The PEER report suggested that if UMMC was separated from IHL, the academic medical center could remain under University of Mississippi with the clinical enterprise becoming a private nonprofit. The PEER committee interviewed staff at the University of Tennessee Medical Center which, in 1999, became a private nonprofit separate from the UT Health System.
One benefit to this change, the UT Medical Center’s government relations officer told the PEER staff: The clinical enterprise was “no longer subject to open meetings law as a private nonprofit corporation.”

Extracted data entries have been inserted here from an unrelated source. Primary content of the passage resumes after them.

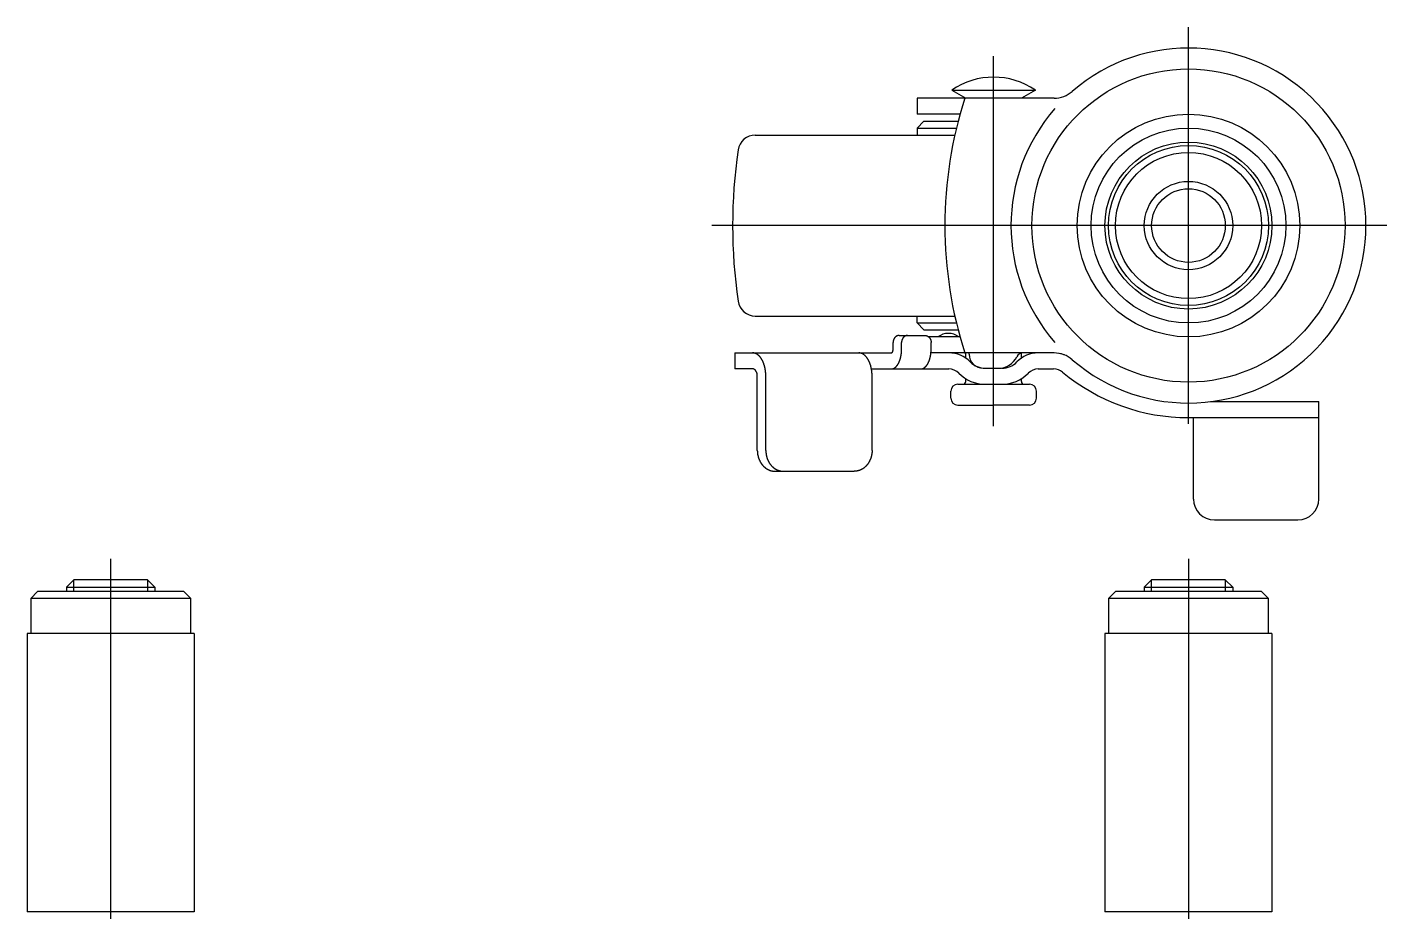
# Model space of a CAD drawing. Extents: x 398 to 641, y 301 to 546.
# Drawn here: x 446.1 to 641.5, y 419.4 to 546.5 of the extents above; entities that cross this region are included whole.
import ezdxf

# ---------------------------------------------------------------- set-up
doc = ezdxf.new("R2010")
doc.units = 0
doc.linetypes.add('CENTER2', pattern=[28.575, 19.05, -3.175, 3.175, -3.175])
doc.layers.get('0').update_dxf_attribs({"linetype": 'CONTINUOUS'})
doc.layers.add('CENTER', color=1, linetype='CENTER2')

msp = doc.modelspace()

# ---------------------------------------------------------------- linework, layer by layer
at = {"color": 7, "linetype": 'CONTINUOUS'}
for p, q in [((578.98, 537.41), (590.98, 537.41)), ((578.98, 537.41), (580.98, 536.26)), ((590.98, 537.41), (588.98, 536.26)), ((593.66, 536.26), (573.98, 536.26)), ((573.98, 536.26), (573.98, 533.96)), ((580.15, 533.96), (573.98, 533.96)), ((573.98, 531.96), (574.98, 532.96)), ((573.98, 531.96), (579.63, 531.96)), ((573.98, 531.96), (573.98, 530.96)), ((574.98, 532.96), (579.88, 532.96)), ((550.74, 530.96), (579.4, 530.96)), ((550.74, 504.96), (579.4, 504.96)), ((573.98, 503.96), (573.98, 504.96)), ((571.39, 502.16), (575.15, 502.16)), ((573.98, 503.96), (579.63, 503.96)), ((573.98, 503.96), (574.98, 502.96)), ((574.98, 502.96), (579.88, 502.96)), ((570.54, 500.16), (570.54, 501.16)), ((571.76, 500.16), (571.76, 501.16)), ((580.15, 501.96), (575.65, 501.96)), ((580.15, 501.96), (575.66, 501.96)), ((576, 500.16), (576, 501.16)), ((547.81, 499.66), (549.45, 499.66)), ((547.81, 499.66), (547.81, 497.36)), ((549.45, 499.66), (570.27, 499.66)), ((593.66, 499.66), (575.97, 499.66)), ((580.98, 498.91), (580.98, 499.66)), ((581.48, 499.46), (581.48, 499.66)), ((588.98, 498.91), (588.98, 499.63)), ((550.35, 497.36), (547.81, 497.36)), ((551.03, 485.66), (551.03, 496.36)), ((552.25, 485.66), (552.25, 496.36)), ((567.43, 497.36), (578.55, 497.36)), ((567.52, 485.66), (567.52, 496.36)), ((583.48, 497.46), (585.65, 497.46)), ((591.4, 497.36), (593.61, 497.36)), ((579.83, 495.16), (590.13, 495.16)), ((580.98, 495.56), (580.98, 495.96)), ((588.98, 495.56), (588.98, 495.96)), ((578.83, 493.16), (578.83, 494.16)), ((591.13, 493.16), (591.13, 494.16)), ((616.16, 492.66), (631.7, 492.66)), ((631.7, 478.66), (631.7, 492.66)), ((579.83, 492.16), (584.98, 492.16)), ((590.13, 492.16), (584.98, 492.16)), ((612.98, 490.36), (631.7, 490.36)), ((613.7, 478.66), (613.7, 490.36)), ((553.58, 482.66), (564.97, 482.66)), ((616.7, 475.66), (628.7, 475.66)), ((452.84, 467.06), (451.78, 466)), ((463.42, 467.06), (452.84, 467.06)), ((452.84, 465.36), (452.84, 467.06)), ((464.48, 466), (463.42, 467.06)), ((463.42, 467.06), (463.42, 465.36)), ((607.69, 467.06), (606.63, 466)), ((618.27, 467.06), (607.69, 467.06)), ((607.69, 465.36), (607.69, 467.06)), ((619.33, 466), (618.27, 467.06)), ((618.27, 467.06), (618.27, 465.36)), ((447.63, 465.36), (446.63, 464.36)), ((468.63, 465.36), (447.63, 465.36)), ((451.78, 466), (464.48, 466)), ((451.78, 466), (451.78, 465.36)), ((464.48, 466), (464.48, 465.36)), ((468.63, 465.36), (469.63, 464.36)), ((602.48, 465.36), (601.48, 464.36)), ((623.48, 465.36), (602.48, 465.36)), ((606.63, 466), (619.33, 466)), ((606.63, 466), (606.63, 465.36)), ((619.33, 466), (619.33, 465.36)), ((623.48, 465.36), (624.48, 464.36)), ((469.63, 464.36), (446.63, 464.36)), ((446.63, 464.36), (446.63, 459.36)), ((469.63, 459.36), (469.63, 464.36)), ((624.48, 464.36), (601.48, 464.36)), ((601.48, 464.36), (601.48, 459.36)), ((624.48, 459.36), (624.48, 464.36)), ((446.13, 459.36), (446.13, 419.36)), ((470.13, 459.36), (446.13, 459.36)), ((470.13, 459.36), (470.13, 419.36)), ((600.98, 459.36), (600.98, 419.36)), ((624.98, 459.36), (600.98, 459.36)), ((624.98, 459.36), (624.98, 419.36)), ((470.13, 419.36), (446.13, 419.36)), ((624.98, 419.36), (600.98, 419.36))]:
    msp.add_line(p, q, dxfattribs=at)
for points in [[(571.39, 502.16, 0), (571.38, 502.16, 0), (571.37, 502.16, 0), (571.36, 502.16, 0), (571.35, 502.16, 0), (571.34, 502.16, 0), (571.33, 502.16, 0), (571.32, 502.15, 0), (571.3, 502.15, 0), (571.29, 502.15, 0), (571.28, 502.15, 0), (571.27, 502.15, 0), (571.26, 502.15, 0), (571.25, 502.15, 0), (571.24, 502.14, 0), (571.23, 502.14, 0), (571.22, 502.14, 0), (571.21, 502.14, 0), (571.2, 502.13, 0), (571.19, 502.13, 0), (571.18, 502.13, 0), (571.17, 502.13, 0), (571.16, 502.12, 0), (571.15, 502.12, 0), (571.14, 502.12, 0), (571.13, 502.11, 0), (571.12, 502.11, 0), (571.11, 502.1, 0), (571.1, 502.1, 0), (571.09, 502.1, 0), (571.08, 502.09, 0), (571.07, 502.09, 0), (571.06, 502.08, 0), (571.05, 502.08, 0), (571.04, 502.07, 0), (571.03, 502.07, 0), (571.02, 502.06, 0), (571.01, 502.06, 0), (571.01, 502.05, 0), (571, 502.05, 0), (570.99, 502.04, 0), (570.98, 502.04, 0), (570.97, 502.03, 0), (570.96, 502.02, 0), (570.95, 502.02, 0), (570.94, 502.01, 0), (570.93, 502, 0), (570.92, 502, 0), (570.92, 501.99, 0), (570.91, 501.98, 0), (570.9, 501.98, 0), (570.89, 501.97, 0), (570.88, 501.96, 0), (570.87, 501.95, 0), (570.87, 501.95, 0), (570.86, 501.94, 0), (570.85, 501.93, 0), (570.84, 501.92, 0), (570.83, 501.92, 0), (570.83, 501.91, 0), (570.82, 501.9, 0), (570.81, 501.89, 0), (570.8, 501.88, 0), (570.79, 501.87, 0), (570.79, 501.87, 0), (570.78, 501.86, 0), (570.77, 501.85, 0), (570.77, 501.84, 0), (570.76, 501.83, 0), (570.75, 501.82, 0), (570.75, 501.81, 0), (570.74, 501.8, 0), (570.73, 501.79, 0), (570.73, 501.78, 0), (570.72, 501.77, 0), (570.71, 501.76, 0), (570.71, 501.75, 0), (570.7, 501.75, 0), (570.69, 501.74, 0), (570.69, 501.73, 0), (570.68, 501.71, 0), (570.68, 501.7, 0), (570.67, 501.69, 0), (570.66, 501.68, 0), (570.66, 501.67, 0), (570.65, 501.66, 0), (570.65, 501.65, 0), (570.64, 501.64, 0), (570.64, 501.63, 0), (570.63, 501.62, 0), (570.63, 501.61, 0), (570.62, 501.6, 0), (570.62, 501.59, 0), (570.62, 501.57, 0), (570.61, 501.56, 0), (570.61, 501.55, 0), (570.6, 501.54, 0), (570.6, 501.53, 0), (570.6, 501.52, 0), (570.59, 501.51, 0), (570.59, 501.5, 0), (570.59, 501.48, 0), (570.58, 501.47, 0), (570.58, 501.46, 0), (570.58, 501.45, 0), (570.57, 501.44, 0), (570.57, 501.43, 0), (570.57, 501.41, 0), (570.57, 501.4, 0), (570.56, 501.39, 0), (570.56, 501.38, 0), (570.56, 501.37, 0), (570.56, 501.35, 0), (570.55, 501.34, 0), (570.55, 501.33, 0), (570.55, 501.32, 0), (570.55, 501.31, 0), (570.55, 501.29, 0), (570.55, 501.28, 0), (570.54, 501.27, 0), (570.54, 501.26, 0), (570.54, 501.25, 0), (570.54, 501.23, 0), (570.54, 501.22, 0), (570.54, 501.21, 0), (570.54, 501.2, 0), (570.54, 501.18, 0), (570.54, 501.17, 0), (570.54, 501.16, 0)], [(572.61, 502.16, 0), (572.6, 502.16, 0), (572.59, 502.16, 0), (572.58, 502.16, 0), (572.57, 502.16, 0), (572.55, 502.16, 0), (572.54, 502.16, 0), (572.53, 502.15, 0), (572.52, 502.15, 0), (572.51, 502.15, 0), (572.5, 502.15, 0), (572.49, 502.15, 0), (572.48, 502.15, 0), (572.47, 502.15, 0), (572.46, 502.14, 0), (572.45, 502.14, 0), (572.44, 502.14, 0), (572.43, 502.14, 0), (572.42, 502.13, 0), (572.41, 502.13, 0), (572.4, 502.13, 0), (572.39, 502.13, 0), (572.38, 502.12, 0), (572.37, 502.12, 0), (572.36, 502.12, 0), (572.35, 502.11, 0), (572.34, 502.11, 0), (572.33, 502.1, 0), (572.32, 502.1, 0), (572.31, 502.1, 0), (572.3, 502.09, 0), (572.29, 502.09, 0), (572.28, 502.08, 0), (572.27, 502.08, 0), (572.26, 502.07, 0), (572.25, 502.07, 0), (572.24, 502.06, 0), (572.23, 502.06, 0), (572.23, 502.05, 0), (572.22, 502.05, 0), (572.21, 502.04, 0), (572.2, 502.04, 0), (572.19, 502.03, 0), (572.18, 502.02, 0), (572.17, 502.02, 0), (572.16, 502.01, 0), (572.15, 502, 0), (572.14, 502, 0), (572.13, 501.99, 0), (572.13, 501.98, 0), (572.12, 501.98, 0), (572.11, 501.97, 0), (572.1, 501.96, 0), (572.09, 501.95, 0), (572.08, 501.95, 0), (572.08, 501.94, 0), (572.07, 501.93, 0), (572.06, 501.92, 0), (572.05, 501.92, 0), (572.04, 501.91, 0), (572.04, 501.9, 0), (572.03, 501.89, 0), (572.02, 501.88, 0), (572.01, 501.87, 0), (572.01, 501.87, 0), (572, 501.86, 0), (571.99, 501.85, 0), (571.99, 501.84, 0), (571.98, 501.83, 0), (571.97, 501.82, 0), (571.96, 501.81, 0), (571.96, 501.8, 0), (571.95, 501.79, 0), (571.94, 501.78, 0), (571.94, 501.77, 0), (571.93, 501.76, 0), (571.92, 501.75, 0), (571.92, 501.75, 0), (571.91, 501.74, 0), (571.91, 501.73, 0), (571.9, 501.71, 0), (571.89, 501.7, 0), (571.89, 501.69, 0), (571.88, 501.68, 0), (571.88, 501.67, 0), (571.87, 501.66, 0), (571.87, 501.65, 0), (571.86, 501.64, 0), (571.86, 501.63, 0), (571.85, 501.62, 0), (571.85, 501.61, 0), (571.84, 501.6, 0), (571.84, 501.59, 0), (571.84, 501.57, 0), (571.83, 501.56, 0), (571.83, 501.55, 0), (571.82, 501.54, 0), (571.82, 501.53, 0), (571.82, 501.52, 0), (571.81, 501.51, 0), (571.81, 501.5, 0), (571.8, 501.48, 0), (571.8, 501.47, 0), (571.8, 501.46, 0), (571.79, 501.45, 0), (571.79, 501.44, 0), (571.79, 501.43, 0), (571.79, 501.41, 0), (571.78, 501.4, 0), (571.78, 501.39, 0), (571.78, 501.38, 0), (571.78, 501.37, 0), (571.77, 501.35, 0), (571.77, 501.34, 0), (571.77, 501.33, 0), (571.77, 501.32, 0), (571.77, 501.31, 0), (571.77, 501.29, 0), (571.76, 501.28, 0), (571.76, 501.27, 0), (571.76, 501.26, 0), (571.76, 501.25, 0), (571.76, 501.23, 0), (571.76, 501.22, 0), (571.76, 501.21, 0), (571.76, 501.2, 0), (571.76, 501.18, 0), (571.76, 501.17, 0), (571.76, 501.16, 0)], [(575.15, 502.16, 0), (575.16, 502.16, 0), (575.17, 502.16, 0), (575.18, 502.16, 0), (575.19, 502.16, 0), (575.2, 502.16, 0), (575.21, 502.16, 0), (575.22, 502.15, 0), (575.23, 502.15, 0), (575.24, 502.15, 0), (575.25, 502.15, 0), (575.26, 502.15, 0), (575.27, 502.15, 0), (575.28, 502.15, 0), (575.29, 502.14, 0), (575.31, 502.14, 0), (575.32, 502.14, 0), (575.33, 502.14, 0), (575.34, 502.13, 0), (575.35, 502.13, 0), (575.36, 502.13, 0), (575.37, 502.13, 0), (575.38, 502.12, 0), (575.39, 502.12, 0), (575.4, 502.12, 0), (575.41, 502.11, 0), (575.42, 502.11, 0), (575.43, 502.1, 0), (575.44, 502.1, 0), (575.45, 502.1, 0), (575.46, 502.09, 0), (575.47, 502.09, 0), (575.48, 502.08, 0), (575.48, 502.08, 0), (575.49, 502.07, 0), (575.5, 502.07, 0), (575.51, 502.06, 0), (575.52, 502.06, 0), (575.53, 502.05, 0), (575.54, 502.05, 0), (575.55, 502.04, 0), (575.56, 502.04, 0), (575.57, 502.03, 0), (575.58, 502.02, 0), (575.59, 502.02, 0), (575.6, 502.01, 0), (575.6, 502, 0), (575.61, 502, 0), (575.62, 501.99, 0), (575.63, 501.98, 0), (575.64, 501.98, 0), (575.65, 501.97, 0), (575.66, 501.96, 0), (575.66, 501.95, 0), (575.67, 501.95, 0), (575.68, 501.94, 0), (575.69, 501.93, 0), (575.7, 501.92, 0), (575.7, 501.92, 0), (575.71, 501.91, 0), (575.72, 501.9, 0), (575.73, 501.89, 0), (575.74, 501.88, 0), (575.74, 501.87, 0), (575.75, 501.87, 0), (575.76, 501.86, 0), (575.76, 501.85, 0), (575.77, 501.84, 0), (575.78, 501.83, 0), (575.79, 501.82, 0), (575.79, 501.81, 0), (575.8, 501.8, 0), (575.81, 501.79, 0), (575.81, 501.78, 0), (575.82, 501.77, 0), (575.83, 501.76, 0), (575.83, 501.75, 0), (575.84, 501.75, 0), (575.84, 501.74, 0), (575.85, 501.73, 0), (575.86, 501.71, 0), (575.86, 501.7, 0), (575.87, 501.69, 0), (575.87, 501.68, 0), (575.88, 501.67, 0), (575.88, 501.66, 0), (575.89, 501.65, 0), (575.89, 501.64, 0), (575.9, 501.63, 0), (575.9, 501.62, 0), (575.91, 501.61, 0), (575.91, 501.6, 0), (575.92, 501.59, 0), (575.92, 501.57, 0), (575.93, 501.56, 0), (575.93, 501.55, 0), (575.93, 501.54, 0), (575.94, 501.53, 0), (575.94, 501.52, 0), (575.95, 501.51, 0), (575.95, 501.5, 0), (575.95, 501.48, 0), (575.96, 501.47, 0), (575.96, 501.46, 0), (575.96, 501.45, 0), (575.97, 501.44, 0), (575.97, 501.43, 0), (575.97, 501.41, 0), (575.97, 501.4, 0), (575.98, 501.39, 0), (575.98, 501.38, 0), (575.98, 501.37, 0), (575.98, 501.35, 0), (575.98, 501.34, 0), (575.99, 501.33, 0), (575.99, 501.32, 0), (575.99, 501.31, 0), (575.99, 501.29, 0), (575.99, 501.28, 0), (575.99, 501.27, 0), (575.99, 501.26, 0), (575.99, 501.25, 0), (576, 501.23, 0), (576, 501.22, 0), (576, 501.21, 0), (576, 501.2, 0), (576, 501.18, 0), (576, 501.17, 0), (576, 501.16, 0)], [(570.27, 497.36, 0), (570.29, 497.36, 0), (570.31, 497.36, 0), (570.33, 497.36, 0), (570.35, 497.36, 0), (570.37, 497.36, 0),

Still, that step would require a constitutional amendment. Another idea the report suggested was that IHL could delegate more authority to UMMC – a step the board has taken in the past. In 2019, trustees decided to let UMMC, UM and Mississippi State University manage their own state-bond-funded projects after the lawmakers gave IHL sole oversight of capital projects funded by state bonds.
The PEER report also reviewed reasons a state might want to restructure postsecondary governance, such as concern about rising costs, barriers to local or regional access to graduate programs, a change in state leadership, or “ill-defined or overlapping missions” of governing bodies.
Putting IHL and MCCB under a central coordinating board could be more efficient, the report says. Lawmakers could also give each university its own institutional board, though that would require a constitutional amendment and could result in “drawbacks” in the event of “attempts by the new board to delve into issues IHL generally does not (e.g., athletics).”